Released yesterday, the Consumerology Report contains data gleaned from a national survey commissioned by Toronto agency Bensimon Byrne. The majority (57%) of respondents said they’re currently limiting their purchases because they’re worried about economic conditions and the rising cost of necessities.
If such worries increase, the report concludes, businesses can expect consumer spending in general to drop significantly. But that’s no reason for marketers to put the brakes on advertising, says agency president Jack Bensimon. ‘It’s important for companies to maintain their marketing spending despite an economic downturn,’ he tells MiC.
‘Numerous studies of various recessionary periods have demonstrated the value of maintaining ad expenditures despite economic weakness,’ he explains – citing, as one example, The Profit Impact of Market Strategy (PIMS) study conducted by the Strategic Planning Institute, which tracked an average gain of 1.5 share points for brands that increased expenditures during a recession.
‘There are three simple things marketers need to remember during an economic downturn,’ Bensimon advises.

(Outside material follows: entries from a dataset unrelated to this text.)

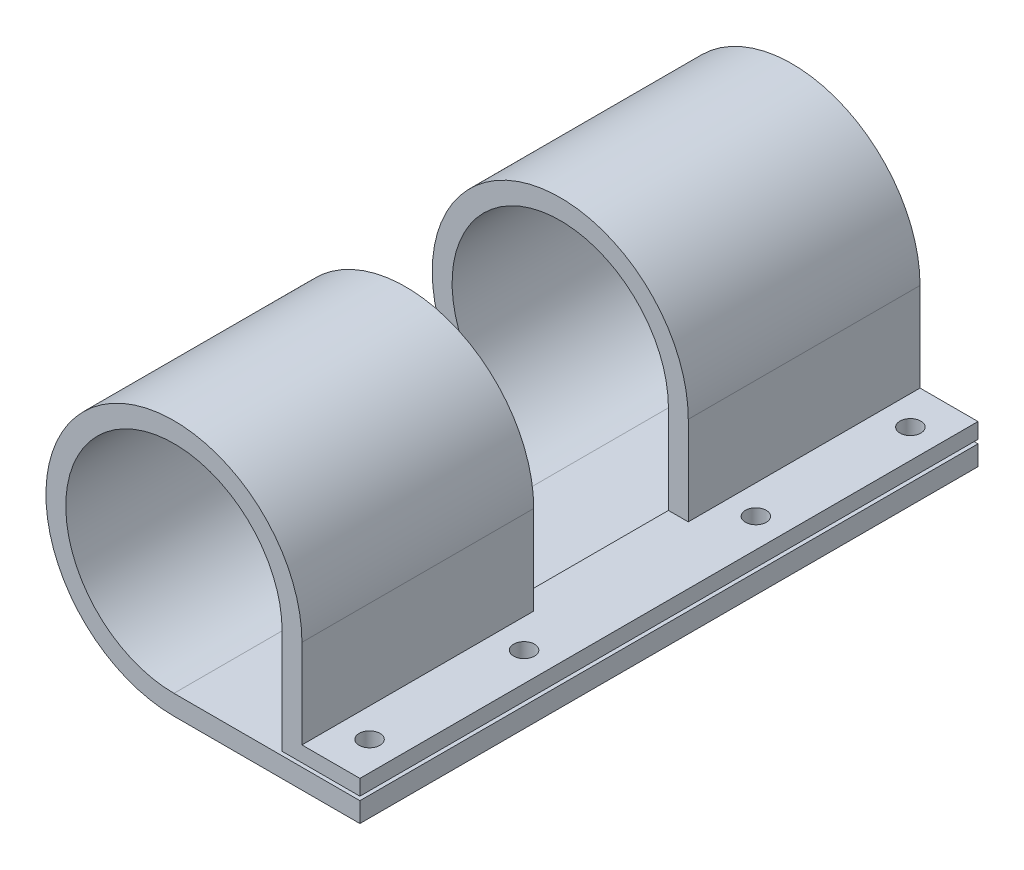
ISO-10303-21;
HEADER;
FILE_DESCRIPTION(('STEP AP214'),'2;1');
FILE_NAME('part.step','',(''),(''),'','','');
FILE_SCHEMA(('AUTOMOTIVE_DESIGN { 1 0 10303 214 1 1 1 1 }'));
ENDSEC;
DATA;
#1=APPLICATION_CONTEXT('core data for automotive mechanical design processes');
#2=APPLICATION_PROTOCOL_DEFINITION('international standard','automotive_design',2000,#1);
#3=PRODUCT_CONTEXT('',#1,'mechanical');
#4=PRODUCT('Part','Part','',(#3));
#5=PRODUCT_RELATED_PRODUCT_CATEGORY('part','',(#4));
#6=PRODUCT_DEFINITION_FORMATION('','',#4);
#7=PRODUCT_DEFINITION_CONTEXT('part definition',#1,'design');
#8=PRODUCT_DEFINITION('design','',#6,#7);
#9=PRODUCT_DEFINITION_SHAPE('','',#8);
#10=(LENGTH_UNIT() NAMED_UNIT(*) SI_UNIT(.MILLI.,.METRE.));
#11=(NAMED_UNIT(*) PLANE_ANGLE_UNIT() SI_UNIT($,.RADIAN.));
#12=(NAMED_UNIT(*) SI_UNIT($,.STERADIAN.) SOLID_ANGLE_UNIT());
#13=UNCERTAINTY_MEASURE_WITH_UNIT(LENGTH_MEASURE(1.E-05),#10,'distance_accuracy_value','');
#14=(GEOMETRIC_REPRESENTATION_CONTEXT(3) GLOBAL_UNCERTAINTY_ASSIGNED_CONTEXT((#13)) GLOBAL_UNIT_ASSIGNED_CONTEXT((#10,
#11,#12)) REPRESENTATION_CONTEXT('',''));
#15=CARTESIAN_POINT('',(0.,0.,0.));
#16=DIRECTION('',(0.,0.,1.));
#17=DIRECTION('',(1.,0.,0.));
#18=AXIS2_PLACEMENT_3D('',#15,#16,#17);
#19=CARTESIAN_POINT('',(21.04,0.,-50.8));
#20=DIRECTION('',(1.,0.,0.));
#21=DIRECTION('',(0.,1.,0.));
#22=AXIS2_PLACEMENT_3D('',#19,#20,#21);
#23=PLANE('',#22);
#24=DIRECTION('',(0.,0.,1.));
#25=VECTOR('',#24,1.);
#26=CARTESIAN_POINT('',(21.04,0.,-50.8));
#27=LINE('',#26,#25);
#28=CARTESIAN_POINT('',(21.04,0.,-50.8));
#29=VERTEX_POINT('',#28);
#30=CARTESIAN_POINT('',(21.04,0.,-12.7));
#31=VERTEX_POINT('',#30);
#32=EDGE_CURVE('E200',#29,#31,#27,.T.);
#33=ORIENTED_EDGE('',*,*,#32,.T.);
#34=DIRECTION('',(0.,-1.,0.));
#35=VECTOR('',#34,1.);
#36=CARTESIAN_POINT('',(21.04,14.605,-12.7));
#37=LINE('',#36,#35);
#38=CARTESIAN_POINT('',(21.04,-14.605,-12.7));
#39=VERTEX_POINT('',#38);
#40=EDGE_CURVE('E187',#31,#39,#37,.T.);
#41=ORIENTED_EDGE('',*,*,#40,.T.);
#42=DIRECTION('',(0.,0.,1.));
#43=VECTOR('',#42,1.);
#44=CARTESIAN_POINT('',(21.04,-14.605,-50.8));
#45=LINE('',#44,#43);
#46=CARTESIAN_POINT('',(21.04,-14.605,-50.8));
#47=VERTEX_POINT('',#46);
#48=EDGE_CURVE('E198',#47,#39,#45,.T.);
#49=ORIENTED_EDGE('',*,*,#48,.F.);
#50=DIRECTION('',(0.,1.,0.));
#51=VECTOR('',#50,1.);
#52=CARTESIAN_POINT('',(21.04,0.,-50.8));
#53=LINE('',#52,#51);
#54=EDGE_CURVE('E309',#47,#29,#53,.T.);
#55=ORIENTED_EDGE('',*,*,#54,.T.);
#56=EDGE_LOOP('',(#33,#41,#49,#55));
#57=FACE_BOUND('',#56,.T.);
#58=ADVANCED_FACE('F69',(#57),#23,.T.);
#59=CARTESIAN_POINT('',(17.78,-17.145,-50.8));
#60=DIRECTION('',(0.,-1.,0.));
#61=DIRECTION('',(0.,0.,-1.));
#62=AXIS2_PLACEMENT_3D('',#59,#60,#61);
#63=PLANE('',#62);
#64=CARTESIAN_POINT('',(25.8025,-17.145,-44.45));
#65=DIRECTION('',(0.,-1.,0.));
#66=DIRECTION('',(0.,0.,-1.));
#67=AXIS2_PLACEMENT_3D('',#64,#65,#66);
#68=CIRCLE('',#67,1.7145);
#69=CARTESIAN_POINT('',(25.8025,-17.145,-46.1645));
#70=VERTEX_POINT('',#69);
#71=EDGE_CURVE('E202',#70,#70,#68,.T.);
#72=ORIENTED_EDGE('',*,*,#71,.F.);
#73=EDGE_LOOP('',(#72));
#74=FACE_BOUND('',#73,.T.);
#75=CARTESIAN_POINT('',(25.8025,-17.145,19.05));
#76=DIRECTION('',(0.,-1.,0.));
#77=DIRECTION('',(0.,0.,-1.));
#78=AXIS2_PLACEMENT_3D('',#75,#76,#77);
#79=CIRCLE('',#78,1.7145);
#80=CARTESIAN_POINT('',(25.8025,-17.145,17.3355));
#81=VERTEX_POINT('',#80);
#82=EDGE_CURVE('E399',#81,#81,#79,.T.);
#83=ORIENTED_EDGE('',*,*,#82,.F.);
#84=EDGE_LOOP('',(#83));
#85=FACE_BOUND('',#84,.T.);
#86=CARTESIAN_POINT('',(25.8025,-17.145,44.45));
#87=DIRECTION('',(0.,-1.,0.));
#88=DIRECTION('',(0.,0.,-1.));
#89=AXIS2_PLACEMENT_3D('',#86,#87,#88);
#90=CIRCLE('',#89,1.7145);
#91=CARTESIAN_POINT('',(25.8025,-17.145,42.7355));
#92=VERTEX_POINT('',#91);
#93=EDGE_CURVE('E411',#92,#92,#90,.T.);
#94=ORIENTED_EDGE('',*,*,#93,.F.);
#95=EDGE_LOOP('',(#94));
#96=FACE_BOUND('',#95,.T.);
#97=CARTESIAN_POINT('',(25.8025,-17.145,-19.05));
#98=DIRECTION('',(0.,-1.,0.));
#99=DIRECTION('',(0.,0.,-1.));
#100=AXIS2_PLACEMENT_3D('',#97,#98,#99);
#101=CIRCLE('',#100,1.7145);
#102=CARTESIAN_POINT('',(25.8025,-17.145,-20.7645));
#103=VERTEX_POINT('',#102);
#104=EDGE_CURVE('E423',#103,#103,#101,.T.);
#105=ORIENTED_EDGE('',*,*,#104,.F.);
#106=EDGE_LOOP('',(#105));
#107=FACE_BOUND('',#106,.T.);
#108=DIRECTION('',(0.,0.,1.));
#109=VECTOR('',#108,1.);
#110=CARTESIAN_POINT('',(30.565,-17.145,-50.8));
#111=LINE('',#110,#109);
#112=CARTESIAN_POINT('',(30.565,-17.145,-50.8));
#113=VERTEX_POINT('',#112);
#114=CARTESIAN_POINT('',(30.565,-17.145,50.8));
#115=VERTEX_POINT('',#114);
#116=EDGE_CURVE('E73',#113,#115,#111,.T.);
#117=ORIENTED_EDGE('',*,*,#116,.T.);
#118=DIRECTION('',(1.,0.,0.));
#119=VECTOR('',#118,1.);
#120=CARTESIAN_POINT('',(17.78,-17.145,50.8));
#121=LINE('',#120,#119);
#122=CARTESIAN_POINT('',(17.78,-17.145,50.8));
#123=VERTEX_POINT('',#122);
#124=EDGE_CURVE('E336',#123,#115,#121,.T.);
#125=ORIENTED_EDGE('',*,*,#124,.F.);
#126=DIRECTION('',(0.,0.,1.));
#127=VECTOR('',#126,1.);
#128=CARTESIAN_POINT('',(17.78,-17.145,-50.8));
#129=LINE('',#128,#127);
#130=CARTESIAN_POINT('',(17.78,-17.145,-50.8));
#131=VERTEX_POINT('',#130);
#132=EDGE_CURVE('E12',#131,#123,#129,.T.);
#133=ORIENTED_EDGE('',*,*,#132,.F.);
#134=DIRECTION('',(1.,0.,0.));
#135=VECTOR('',#134,1.);
#136=CARTESIAN_POINT('',(17.78,-17.145,-50.8));
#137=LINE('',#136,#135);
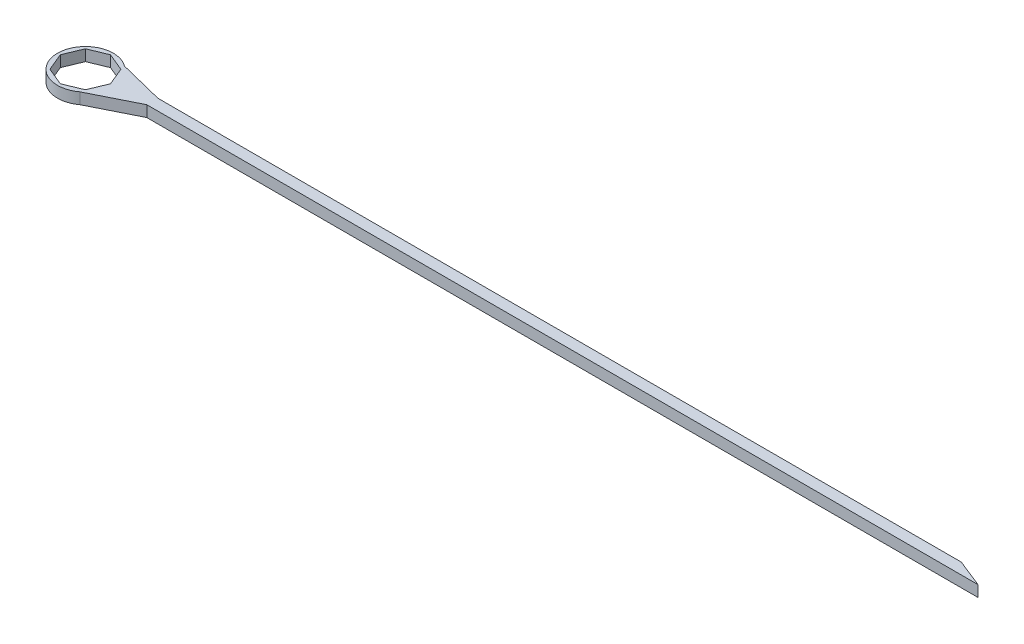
ISO-10303-21;
HEADER;
FILE_DESCRIPTION(('STEP AP214'),'2;1');
FILE_NAME('part.step','',(''),(''),'','','');
FILE_SCHEMA(('AUTOMOTIVE_DESIGN { 1 0 10303 214 1 1 1 1 }'));
ENDSEC;
DATA;
#1=APPLICATION_CONTEXT('core data for automotive mechanical design processes');
#2=APPLICATION_PROTOCOL_DEFINITION('international standard','automotive_design',2000,#1);
#3=PRODUCT_CONTEXT('',#1,'mechanical');
#4=PRODUCT('Part','Part','',(#3));
#5=PRODUCT_RELATED_PRODUCT_CATEGORY('part','',(#4));
#6=PRODUCT_DEFINITION_FORMATION('','',#4);
#7=PRODUCT_DEFINITION_CONTEXT('part definition',#1,'design');
#8=PRODUCT_DEFINITION('design','',#6,#7);
#9=PRODUCT_DEFINITION_SHAPE('','',#8);
#10=(LENGTH_UNIT() NAMED_UNIT(*) SI_UNIT(.MILLI.,.METRE.));
#11=(NAMED_UNIT(*) PLANE_ANGLE_UNIT() SI_UNIT($,.RADIAN.));
#12=(NAMED_UNIT(*) SI_UNIT($,.STERADIAN.) SOLID_ANGLE_UNIT());
#13=UNCERTAINTY_MEASURE_WITH_UNIT(LENGTH_MEASURE(1.E-05),#10,'distance_accuracy_value','');
#14=(GEOMETRIC_REPRESENTATION_CONTEXT(3) GLOBAL_UNCERTAINTY_ASSIGNED_CONTEXT((#13)) GLOBAL_UNIT_ASSIGNED_CONTEXT((#10,
#11,#12)) REPRESENTATION_CONTEXT('',''));
#15=CARTESIAN_POINT('',(0.,0.,0.));
#16=DIRECTION('',(0.,0.,1.));
#17=DIRECTION('',(1.,0.,0.));
#18=AXIS2_PLACEMENT_3D('',#15,#16,#17);
#19=CARTESIAN_POINT('',(0.,1.,0.));
#20=DIRECTION('',(0.,1.,0.));
#21=DIRECTION('',(0.,0.,1.));
#22=AXIS2_PLACEMENT_3D('',#19,#20,#21);
#23=PLANE('',#22);
#24=DIRECTION('',(0.894427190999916,0.,-0.447213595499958));
#25=VECTOR('',#24,1.);
#26=CARTESIAN_POINT('',(5.5,1.,0.));
#27=LINE('',#26,#25);
#28=CARTESIAN_POINT('',(1.5,1.,2.));
#29=VERTEX_POINT('',#28);
#30=CARTESIAN_POINT('',(5.5,1.,0.));
#31=VERTEX_POINT('',#30);
#32=EDGE_CURVE('E198',#29,#31,#27,.T.);
#33=ORIENTED_EDGE('',*,*,#32,.T.);
#34=DIRECTION('',(1.,0.,0.));
#35=VECTOR('',#34,1.);
#36=CARTESIAN_POINT('',(5.5,1.,0.));
#37=LINE('',#36,#35);
#38=CARTESIAN_POINT('',(80.,1.,0.));
#39=VERTEX_POINT('',#38);
#40=EDGE_CURVE('E201',#31,#39,#37,.T.);
#41=ORIENTED_EDGE('',*,*,#40,.T.);
#42=DIRECTION('',(-0.928476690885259,0.,-0.371390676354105));
#43=VECTOR('',#42,1.);
#44=CARTESIAN_POINT('',(80.,1.,0.));
#45=LINE('',#44,#43);
#46=CARTESIAN_POINT('',(77.5,1.,-1.00000000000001));
#47=VERTEX_POINT('',#46);
#48=EDGE_CURVE('E204',#39,#47,#45,.T.);
#49=ORIENTED_EDGE('',*,*,#48,.T.);
#50=DIRECTION('',(-1.,0.,0.));
#51=VECTOR('',#50,1.);
#52=CARTESIAN_POINT('',(77.5,1.,-1.00000000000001));
#53=LINE('',#52,#51);
#54=CARTESIAN_POINT('',(5.5,1.,-0.999999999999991));
#55=VERTEX_POINT('',#54);
#56=EDGE_CURVE('E206',#47,#55,#53,.T.);
#57=ORIENTED_EDGE('',*,*,#56,.T.);
#58=DIRECTION('',(-0.970142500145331,0.,-0.242535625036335));
#59=VECTOR('',#58,1.);
#60=CARTESIAN_POINT('',(5.5,1.,-0.999999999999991));
#61=LINE('',#60,#59);
#62=CARTESIAN_POINT('',(1.5,1.,-2.));
#63=VERTEX_POINT('',#62);
#64=EDGE_CURVE('E208',#55,#63,#61,.T.);
#65=ORIENTED_EDGE('',*,*,#64,.T.);
#66=CARTESIAN_POINT('',(0.,1.,0.));
#67=DIRECTION('',(0.,1.,0.));
#68=DIRECTION('',(0.,0.,1.));
#69=AXIS2_PLACEMENT_3D('',#66,#67,#68);
#70=CIRCLE('',#69,2.5);
#71=EDGE_CURVE('E210',#63,#29,#70,.T.);
#72=ORIENTED_EDGE('',*,*,#71,.T.);
#73=EDGE_LOOP('',(#33,#41,#49,#57,#65,#72));
#74=FACE_BOUND('',#73,.T.);
#75=DIRECTION('',(-0.382683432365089,0.,-0.923879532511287));
#76=VECTOR('',#75,1.);
#77=CARTESIAN_POINT('',(2.25,1.,0.));
#78=LINE('',#77,#76);
#79=CARTESIAN_POINT('',(2.25,1.,0.));
#80=VERTEX_POINT('',#79);
#81=CARTESIAN_POINT('',(1.59099025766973,1.,-1.59099025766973));
#82=VERTEX_POINT('',#81);
#83=EDGE_CURVE('E141',#80,#82,#78,.T.);
#84=ORIENTED_EDGE('',*,*,#83,.F.);
#85=DIRECTION('',(0.38268343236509,0.,-0.923879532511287));
#86=VECTOR('',#85,1.);
#87=CARTESIAN_POINT('',(1.59099025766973,1.,1.59099025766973));
#88=LINE('',#87,#86);
#89=CARTESIAN_POINT('',(1.59099025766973,1.,1.59099025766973));
#90=VERTEX_POINT('',#89);
#91=EDGE_CURVE('E133',#90,#80,#88,.T.);
#92=ORIENTED_EDGE('',*,*,#91,.F.);
#93=DIRECTION('',(0.923879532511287,0.,-0.382683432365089));
#94=VECTOR('',#93,1.);
#95=CARTESIAN_POINT('',(0.,1.,2.25));
#96=LINE('',#95,#94);
#97=CARTESIAN_POINT('',(0.,1.,2.25));
#98=VERTEX_POINT('',#97);
#99=EDGE_CURVE('E166',#98,#90,#96,.T.);
#100=ORIENTED_EDGE('',*,*,#99,.F.);
#101=DIRECTION('',(0.923879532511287,0.,0.38268343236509));
#102=VECTOR('',#101,1.);
#103=CARTESIAN_POINT('',(-1.59099025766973,1.,1.59099025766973));
#104=LINE('',#103,#102);
#105=CARTESIAN_POINT('',(-1.59099025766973,1.,1.59099025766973));
#106=VERTEX_POINT('',#105);
#107=EDGE_CURVE('E164',#106,#98,#104,.T.);
#108=ORIENTED_EDGE('',*,*,#107,.F.);
#109=DIRECTION('',(0.38268343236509,0.,0.923879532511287));
#110=VECTOR('',#109,1.);
#111=CARTESIAN_POINT('',(-2.25,1.,0.));
#112=LINE('',#111,#110);
#113=CARTESIAN_POINT('',(-2.25,1.,0.));
#114=VERTEX_POINT('',#113);
#115=EDGE_CURVE('E162',#114,#106,#112,.T.);
#116=ORIENTED_EDGE('',*,*,#115,.F.);
#117=DIRECTION('',(-0.38268343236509,0.,0.923879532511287));
#118=VECTOR('',#117,1.);
#119=CARTESIAN_POINT('',(-1.59099025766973,1.,-1.59099025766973));
#120=LINE('',#119,#118);
#121=CARTESIAN_POINT('',(-1.59099025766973,1.,-1.59099025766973));
#122=VERTEX_POINT('',#121);
#123=EDGE_CURVE('E160',#122,#114,#120,.T.);
#124=ORIENTED_EDGE('',*,*,#123,.F.);
#125=DIRECTION('',(-0.923879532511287,0.,0.382683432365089));
#126=VECTOR('',#125,1.);
#127=CARTESIAN_POINT('',(0.,1.,-2.25));
#128=LINE('',#127,#126);
#129=CARTESIAN_POINT('',(0.,1.,-2.25));
#130=VERTEX_POINT('',#129);
#131=EDGE_CURVE('E156',#130,#122,#128,.T.);
#132=ORIENTED_EDGE('',*,*,#131,.F.);
#133=DIRECTION('',(-0.923879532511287,0.,-0.38268343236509));
#134=VECTOR('',#133,1.);
#135=CARTESIAN_POINT('',(1.59099025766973,1.,-1.59099025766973));
#136=LINE('',#135,#134);
#137=EDGE_CURVE('E154',#82,#130,#136,.T.);
#138=ORIENTED_EDGE('',*,*,#137,.F.);
#139=EDGE_LOOP('',(#84,#92,#100,#108,#116,#124,#132,#138));
#140=FACE_BOUND('',#139,.T.);
#141=ADVANCED_FACE('F32',(#74,#140),#23,.T.);
#142=CARTESIAN_POINT('',(0.,0.,0.));
#143=DIRECTION('',(0.,1.,0.));
#144=DIRECTION('',(0.,0.,1.));
#145=AXIS2_PLACEMENT_3D('',#142,#143,#144);
#146=PLANE('',#145);
#147=DIRECTION('',(0.894427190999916,0.,-0.447213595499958));
#148=VECTOR('',#147,1.);
#149=CARTESIAN_POINT('',(5.5,0.,0.));
#150=LINE('',#149,#148);
#151=CARTESIAN_POINT('',(1.5,0.,2.));
#152=VERTEX_POINT('',#151);
#153=CARTESIAN_POINT('',(5.5,0.,0.));
#154=VERTEX_POINT('',#153);
#155=EDGE_CURVE('E149',#152,#154,#150,.T.);
#156=ORIENTED_EDGE('',*,*,#155,.F.);
#157=CARTESIAN_POINT('',(0.,0.,0.));
#158=DIRECTION('',(0.,1.,0.));
#159=DIRECTION('',(0.,0.,1.));
#160=AXIS2_PLACEMENT_3D('',#157,#158,#159);
#161=CIRCLE('',#160,2.5);
#162=CARTESIAN_POINT('',(1.5,0.,-2.));
#163=VERTEX_POINT('',#162);
#164=EDGE_CURVE('E202',#163,#152,#161,.T.);
#165=ORIENTED_EDGE('',*,*,#164,.F.);
#166=DIRECTION('',(-0.970142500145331,0.,-0.242535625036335));
#167=VECTOR('',#166,1.);
#168=CARTESIAN_POINT('',(5.5,0.,-0.999999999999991));
#169=LINE('',#168,#167);
#170=CARTESIAN_POINT('',(5.5,0.,-0.999999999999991));
#171=VERTEX_POINT('',#170);
#172=EDGE_CURVE('E221',#171,#163,#169,.T.);
#173=ORIENTED_EDGE('',*,*,#172,.F.);
#174=DIRECTION('',(-1.,0.,0.));
#175=VECTOR('',#174,1.);
#176=CARTESIAN_POINT('',(77.5,0.,-1.00000000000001));
#177=LINE('',#176,#175);
#178=CARTESIAN_POINT('',(77.5,0.,-1.00000000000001));
#179=VERTEX_POINT('',#178);
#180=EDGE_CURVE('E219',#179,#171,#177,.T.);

‘Value: Marketers will need to tailor their message to accommodate shifting consumer expectations that surface when the economy slows. Consumers will buy if they believe a product to be worth the price. But keep in mind that value does not simply mean slashing prices. While price cuts can result in short-term gains, more often it leads to long-term market share erosion.
‘Many marketers are reviewing the short- and long-term impact of Taco Bell’s Value menu strategy in the early ’90s. Sales improved in the short term. But longer-term erosion of the core brand equities led to declining market share.
‘Innovation: If a product is truly innovative – or perceived to be – consumers will buy it regardless of the state of the economy. Discount brokerages, airline loyalty programs, CNN, MTV and the iPod were all launched during economic slumps.
‘Empowerment: During recessions, consumers can feel powerless, frustrated and anxious. Our Consumerology Report shows that 1 in 4 Ontarians (and 1 in 5 Canadians) is already concerned about becoming unemployed in the next year. In the face of this, brands that succeed will provide choices and propositions that give consumers some sense of control over their lives.’
And, Bensimon concludes, ‘Creatively, the advice is similar to the trends that have sustained Hollywood through economically weaker times. Give consumers more opportunities to laugh and escape the anxieties of everyday life.’
The Consumerology Report also found that:
• Although 75% of Canadians believe the country is on the right track today, only 62% believe the economy will be growing a year from now.
• Canadians cite the price of gasoline as one of the most important issues facing the country – second only to health care.
• The biggest spending trends are an increase in spending on ‘necessities,’ including food, gas and electricity, and a marked decrease in spending on ‘big-ticket items.’
• One-third of Canadians expect to pay more for groceries in the coming year, almost half (46%) expect to spend more on gasoline and just over one-third (36%) expect to spend more on electricity.
• 45% expect to spend less this year than last on furniture; 29% expect to spend less this year on clothing for themselves; 31% anticipate their spending on entertainment to decrease; and one-third expect to spend less on home repairs or renovations.
• 45% of Canadians do not have enough money each month for variable expenses.
• About one-third of Canadians making $75,000 or less come up short each month in terms of making fixed expenses, while about 10% of those earning $100,000 reported the same problem.
The complete report may be downloaded from www.bensimonbyrne.com/report.html.